If you have a Comdirect account, you can try the app yourself. The source code is available on my GitHub and all relevant information is available in the README. You just need to register to get your secrets for the Developer API.

Lessons learned from vibe coding

This experiment taught me that you can start using agentic AI without learning much about best practices in advance. It works from the beginning when you want to build features and get running results. Over time, you learn and adapt your workflow based on what works best for you and the agent. Here are some of my key takeaways from vibe coding my first project:

  • Begin with the end in mind: Just like Stephen Covey's second habit, having a clear vision of the final product and how you would implement it from an architectural point of view is important. In my opinion, the agent doesn't need to know the final product, but you should.
  • Break everything down: Don't try to build multiple features at the same time. Let the agent complete one task before moving to the next. Think of creating user stories from an epic and assigning them one by one to the AI agent.
  • Create a prompt.md file: Be specific about how to implement things and refer to this file during conversations. This way you don't need to repeat yourself all the time and can focus on describing the actual tasks you want to implement.
    ---
    name: depot tracker prompt
    description: Guidelines for coding the depot tracker app
    applyTo: ["./**"]
    ---
    - Always activate the virtual Python environment before executing terminal commands (source .venv/bin/activate)
    - Never hardcode secrets. Use environment variables via `dotenv`.
    - All functions must include docstrings explaining the purpose and parameters.
    - Comment the intent of functionality (explain the "why" and purpose, not the "what")
    - Use comments to explain how Dash components work, to get me into the topic
    - Follow PEP 8 style guidelines
    - Include type hints for all function signatures.
    - Use private methods where appropriate and object-oriented programming principles.
  • Always review the code: In my case, the AI agent tends to implement backend logic in frontend components, instantiate objects unnecessarily, or create inefficient algorithms or structures. A quick review catches these issues, and the second iteration almost always works well.
  • Commit early and often: Make a commit after each working task. When the agent occasionally goes off track (and it will), you can easily revert to the last known proper state.
  • Environment isolation is highly recommended: Using a dedicated virtual environment makes sense. The agent often wants to install packages and dependencies on its own. Having a separate environment prevents messing up your global installations.

Final thoughts

Working with the agent on my project was really impressive. Complex features that would normally take me hours to research, implement, and debug were completed in minutes of conversation and copy-pasting terminal output.

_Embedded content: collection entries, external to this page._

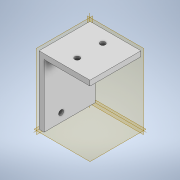
# Autodesk Inventor part: T_shape
Saved by Autodesk Inventor 2022 (Build 260153000, 153)
## iProperties
Created: 2022-05-11
Part Number: T_shape
Material: Generic
Document SubType Name: Modeling
Designer: dovalle
Density: 1 g/cm^3
Appearance: Default
Author: dovalle
Autodesk Inventor part; units mm, degrees
sketch "Sketch1" plane through (0, 0, 0) normal (0, 0, 1) x (1, 0, 0)
  line L0 (0, 0) -> (0, 40)
  line L1 (0, 40) -> (30, 40)
  line L2 (30, 40) -> (30, 37)
  line L3 (30, 37) -> (3, 37)
  line L4 (3, 37) -> (3, 0)
  line L5 (3, 0) -> (0, 0)
  constraints: 12 end point, 4 perpendicular, 1 parallel, 1 vertical
extrude "Extrusion1" add sketch "Sketch1" along normal blind 30
sketch "Sketch2" plane through (3, 0, 0) normal (1, 0, 0) x (0, 0, -1)
  line L0 (-30, 37) -> (-30, 40) projected
  line L1 (-30, 40) -> (-20, 40)
  line L2 (0, 40) -> (-30, 40) projected
  line L3 (0, 0) -> (-30, 0) projected
  line L4 (-20, 0) -> (-10, 0)
  line L5 (0, 37) -> (-30, 37) projected
  circle A0 centre (-20, 32) radius 1.5
  circle A1 centre (-20, 5) radius 1.5
  circle A2 centre (-10, 20) radius 1.5
  constraints: 4 end point, 3 centre point, 3 point on line
extrude "Extrusion2" cut sketch "Sketch2" against normal blind 30
sketch "Sketch3" plane through (0, 40, 0) normal (0, 1, 0) x (1, 0, 0)
  line L0 (0, 0) -> (0, -30) projected
  line L1 (3, 0) -> (30, 0) projected
  line L2 (3, -30) -> (30, -30) projected
  circle A0 centre (15, -15) radius 1.5
  constraints: 1 centre point
extrude "Extrusion3" cut sketch "Sketch3" against normal blind 30
sketch "Sketch4" plane through (0, 40, 0) normal (0, 1, 0) x (1, 0, 0)
  circle A0 centre (15, -15) radius 1.5 projected
  circle A1 centre (15, -15) radius 1.5
  point P0 (0, 0)
  constraints: 1 centre point, 1 coincident
extrude "Extrusion4" add sketch "Sketch4" against normal blind 3
sketch "Sketch5" plane through (0, 40, 0) normal (0, 1, 0) x (1, 0, 0)
  point P0 (0, 0)
sketch "Sketch6" plane through (0, 40, 0) normal (0, 1, 0) x (1, 0, 0)
  line L0 (3, -30) -> (30, -30) projected
  circle A0 centre (15, -22.5) radius 1.5
  circle A1 centre (15, -7.5) radius 1.5
  point P0 (0, 0)
  constraints: 2 centre point
extrude "Extrusion5" cut sketch "Sketch6" against normal blind 3
body "Solid1"
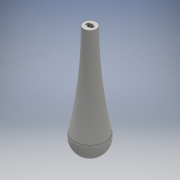
# Autodesk Inventor part: griff
Saved by Autodesk Inventor 2016 (Build 200138000, 138)
## iProperties
Created: 2016-06-02
Part Number: griff
Material: Generic
Document SubType Name: Modeling
Designer: Chris
Density: 1 g/cm^3
Appearance: Default
Author: Chris
Autodesk Inventor part; units mm, degrees
ref_plane "YZ Plane" through (0, 0, 0) normal (1, 0, 0) x (0, 1, 0)
ref_plane "XZ Plane" through (0, 0, 0) normal (0, 1, 0) x (-1, 0, 0)
ref_plane "XY Plane" through (0, 0, 0) normal (0, 0, 1) x (1, 0, 0)
sketch "Sketch2" plane through (0, 0, 0) normal (0, 1, 0) x (-1, 0, 0)
  line L0 (0, 0) -> (0, -70)
  arc A0 (-9.802, -58.0198) -> (0, -70) centre (0, -60) ccw
  line L1 (0, 0) -> (-4, 0)
  arc A1 (-9.802, -58.0198) -> (-4, 0) centre (-297, 0) ccw
  point P0 (0, -70)
  dimension "d1" = 70
  dimension "d2" = 4
  dimension "d10" = 10
  constraints: 5 point on circle, 4 end point, 3 coincident, 2 centre point, 2 point on line, 1 horizontal, 1 horizontal alignment, 1 tangent, 1 vertical
  measures "d1" distance of L0.start L0.end
  measures "d2" distance of L0.start L1.end
  measures "d10" distance edge to line of A0 L0
revolve "Revolution1" add sketch "Sketch2" angle 360 about axis through (0, 0, 0) along (0, 0, -1)
sketch "Sketch3" plane through (0, 0, 0) normal (0, 0, 1) x (1, 0, 0)
  circle A0 centre (0, 0) radius 1.4
  line L0 (2, 0.85) -> (-2, 0.85)
  line L1 (-2, 0.85) -> (-2, -0.85)
  line L2 (-2, -0.85) -> (2, -0.85)
  line L3 (2, -0.85) -> (2, 0.85)
  line L4 (2, 0.85) -> (-2, -0.85) construction
  line L5 (-2, 0.85) -> (2, -0.85) construction
  dimension "d5" = 2.8
  dimension "d6" = 4
  dimension "d7" = 1.7
  constraints: 12 end point, 2 midpoint, 2 parallel, 1 centre point, 1 coincident, 1 horizontal, 1 perpendicular
  measures "d5" diameter of A0
  measures "d6" distance of L2.end L1.end
  measures "d7" distance of L1.end L0.end
extrude "Extrusion1" cut sketch "Sketch3" against normal blind 30
body "Solid1"
Storagebar (Autodesk Fusion 360 design; units mm, degrees)
Autodesk Fusion 360 part; units mm, degrees
sketch "Sketch1" plane through (0, 0, 0) normal (1, 0, 0) x (0, 1, 0)
  circle A0 centre (0, 0) radius 9
  dimension "d1" = 18
  constraint coincident A0.centre origin
  measures "d1" diameter of A0
extrude "Extrude1" add sketch "Sketch1" along normal blind 100 from surface at 5 makes body 1
sketch "Sketch2" plane through (0, 0, 0) normal (1, 0, 0) x (0, 1, 0)
  circle A0 centre (0, 0) radius 9.1
  circle A1 centre (0, 0) radius 12.6
  line L0 (0, 0) -> (-19.9239, 1.7431)
  line L1 (0, 0) -> (20, 0) construction
  line L2 (0, 0) -> (19.9239, 1.7431)
  line L3 (0, 0) -> (20, 0) construction
  circle A2 centre (0, -35) radius 10
  circle A3 centre (0, -35) radius 5
  line L4 (-21.2876, 35.0304) -> (-21.2876, -70)
  line L5 (-13.3685, 9.8483) -> (-9.165, -46.5811)
  line L6 (13.6434, 13.539) -> (8.4962, -55.559)
  circle A4 centre (0, -35) radius 2.5
  circle A5 centre (0, -35) radius 6.5
  line L7 (-35, -35) -> (38.1692, -35)
  line L8 (-10.1926, 14.3296) -> (-4.6115, -60.5935)
  line L9 (10.3108, 15.9153) -> (5.1932, -52.785)
  circle A6 centre (0, 0) radius 2.5
  circle A7 centre (0, 0) radius 5
  dimension "d4" = 18.2
  dimension "d5" = 25.2
  dimension "d8" = 175
  dimension "d9" = 20
  dimension "d10" = 20
  dimension "d11" = 5
  dimension "d14" = 20
  dimension "d15" = 10
  dimension "d16" = 35
  dimension "d17" = 5
  dimension "d18" = 13
  dimension "d27" = 5
  dimension "d28" = 10
  constraint coincident A0.centre A1.centre
  constraint horizontal L1
  constraint horizontal L3
  constraint concentric A2 A3
  constraint vertical L4
  constraint tangent A2 L5
  constraint tangent A1 L5
  constraint tangent A2 L6
  constraint tangent A1 L6
  constraint concentric A2 A4
  constraint concentric A4 A5
  constraint horizontal L7
  constraint coincident A2.centre L7
  constraint tangent A0 L8
  constraint tangent A5 L8
  constraint parallel L6 L9
  constraint tangent A0 L9
  constraint concentric A0 A6
  constraint concentric A0 A7
  measures "d4" diameter of A0
  measures "d5" diameter of A1
  measures "d8" angle of L0 L1
  measures "d9" distance of A0.centre L0.end
  measures "d10" distance of A0.centre L2.end
  measures "d11" angle of L2 L3
  measures "d14" diameter of A2
  measures "d15" diameter of A3
  measures "d16" distance of A0.centre A2.centre
  measures "d17" diameter of A4
  measures "d18" diameter of A5
  measures "d27" diameter of A6
  measures "d28" diameter of A7
extrude "Extrude2" add sketch "Sketch2" along normal blind 5 separate body contours A0 L0 L2 A7 | A0 L2 L9 | A0 L0 L2 A7 | A0 A1 L0 L2 L8 L9 | A0 A1 L8 L9 | A1 L2 L9 | A0 L0 L8 | L0 L2 A6 A7 | L0 L2 A6 A7 | A1 L2 L9 | A1 L0 L8 | A1 A2 L8 L9 | A1 A2 L6 L7 L9 | A1 L0 L8 | L0 L2 A6 | L0 L2 A6 | A1 A2 L5 L7 L8 | A2 A5 L7 L8 L9 | A2 L7 L9 | A2 L7 L8 | A2 L6 L7 | A2 L7 L9 | A5 L7 L9 | A2 L5 L7 | A2 L7 L8 | A5 L7 L8 | A3 A5 L7 | A3 A5 L7 | A2 A5 L8 L9 | A3 A4 L7 | A3 A4 L7 | A4 L7 | A4 L7 makes body 2
extrude "Extrude3" add sketch "Sketch2" along normal blind 15 contours A0 L2 L9 | A0 A1 L8 L9 | A1 L2 L9 | A0 L0 L8 | A1 L0 L8 picked at (11.3282, -1.3785) picked at (-11.3282, -1.3785) bodies 2
extrude "Extrude4" add sketch "Sketch2" along normal blind 8 contours A2 L7 L9 | A2 L7 L8 | A2 A5 L8 L9 picked at (8.7391, -36.1302) picked at (-8.7391, -36.1302) bodies 2
extrude "Extrude5" add sketch "Sketch2" along normal blind 15 contours A1 A2 L6 L7 L9 | A1 A2 L5 L7 L8 | A2 L7 L9 | A2 L7 L8 picked at (8.8106, -34.563) picked at (-8.8106, -34.563) bodies 2
chamfer "Chamfer1" distance 25 distance2 7 1 edges at (15, -8.2729, -35) measured on face at (15, 10.3401, -15.101) on bodies 2
chamfer "Chamfer2" distance 25 distance2 7 1 edges at (15, 8.2729, -35) measured on face at (15, 10.3401, -15.101) on bodies 2
extrude "Extrude6" cut sketch "Sketch2" along normal blind 15 contours L0 L2 A6 | L0 L2 A6 | A4 L7 | A4 L7 bodies 2
chamfer "Chamfer3" distance 4 distance2 1 1 edges at (5, -2.3308, 0.904) measured on face at (5, 6.8967, 3.4743) on bodies 2
chamfer "Chamfer4" distance 4 distance2 1 1 edges at (5, -2.3308, -34.096) measured on face at (5, -4.4677, -26.6434) on bodies 2
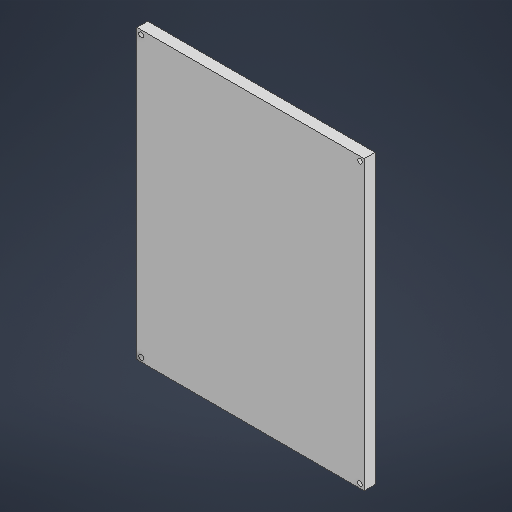
# Autodesk Inventor part: tapa
Saved by Autodesk Inventor 2026.3 (Build 303398000, 398)
## iProperties
Created: 2026-05-13
Part Number: tapa
Material: Genérico
Document SubType Name: Modeling
Designer: Santiago A
Density: 1 g/cm^3
Appearance: Valor por defecto
Author: Santiago A
Autodesk Inventor part; units mm, degrees
ref_plane "YZ Plane" through (0, 0, 0) normal (1, 0, 0) x (0, 1, 0)
ref_plane "XZ Plane" through (0, 0, 0) normal (0, 1, 0) x (-1, 0, 0)
ref_plane "XY Plane" through (0, 0, 0) normal (0, 0, 1) x (1, 0, 0)
sketch "Boceto3" plane through (0, 0, 0) normal (0, 0, 1) x (1, 0, 0)
  line L0 (0, 0) -> (94, 0)
  line L1 (94, 0) -> (94, -119)
  line L2 (94, -119) -> (0, -119)
  line L3 (0, -119) -> (0, 0)
  dimension "d18" = 94
  dimension "d19" = 119
  constraints: 8 end point, 2 parallel, 1 horizontal, 1 perpendicular
  measures "d18" distance of L1.end L2.end
  measures "d19" distance of L0.end L1.end
extrude "Extrusión3" add sketch "Boceto3" along normal blind 4.5
sketch "Boceto4" plane through (0, 0, 4.5) normal (0, 0, 1) x (1, 0, 0)
  line L0 (0, 0) -> (1.75, 0)
  line L1 (94, 0) -> (0, 0) projected
  line L2 (0, 0) -> (0, -1.75)
  line L3 (0, 0) -> (0, -119) projected
  line L4 (94, 0) -> (92.25, 0)
  line L5 (94, 0) -> (94, -1.75)
  line L6 (0, -119) -> (94, -119) projected
  line L7 (94, -119) -> (94, -117.25)
  line L8 (94, -119) -> (94, 0) projected
  line L9 (94, -119) -> (92.25, -119)
  circle A0 centre (92.25, -117.25) radius 1
  line L10 (0, -119) -> (1.75, -119)
  line L11 (0, -119) -> (0, -117.25)
  circle A1 centre (1.75, -117.25) radius 1
  circle A2 centre (1.75, -1.75) radius 1
  circle A3 centre (92.25, -1.75) radius 1
  dimension "d22" = 1.75
  dimension "d23" = 1.75
  dimension "d24" = 1.75
  dimension "d25" = 1.75
  dimension "d26" = 1.75
  dimension "d27" = 1.75
  dimension "d28" = 2
  dimension "d29" = 1.75
  dimension "d30" = 1.75
  dimension "d31" = 2
  dimension "d32" = 2
  dimension "d33" = 2
  constraints: 16 end point, 7 point on line, 4 centre point, 1 perpendicular
  measures "d22" distance of L0.start L0.end
  measures "d23" distance of L0.start L2.end
  measures "d24" distance of L1.start L4.end
  measures "d25" distance of L1.start L5.end
  measures "d26" distance of L6.end L7.end
  measures "d27" distance of L6.end L9.end
  measures "d28" diameter of A0
  measures "d29" distance of L3.end L10.end
  measures "d30" distance of L3.end L11.end
  measures "d31" diameter of A1
  measures "d32" diameter of A2
  measures "d33" diameter of A3
extrude "Extrusión4" cut sketch "Boceto4" against normal blind 8 contours A0 | A1 | A2 | A3

I don't think the agent will completely replace software engineering skills. It's about boosting efficiency. Understanding good architecture, data structures, and clean code principles becomes even more important when working with AI. You need to guide the agent towards good solutions and catch the bad ones quickly. I also think that non-programmers can build a working prototype of their (business-) ideas with the help of AI agents.

My own depot tracker app serves the purpose I intended. More importantly, I got my first experience with effectively collaborating with AI to build a simple software product. I might consider some refactoring in the future when I want to extend the app, but for now, it just works.

I think it's important for software engineers to spend time learning how to prompt and guide AI agents effectively. Like any tool, the better you understand its capabilities and limitations, the more value you can extract. I don't think this is a temporary trend. It's a fundamental shift in how we build software.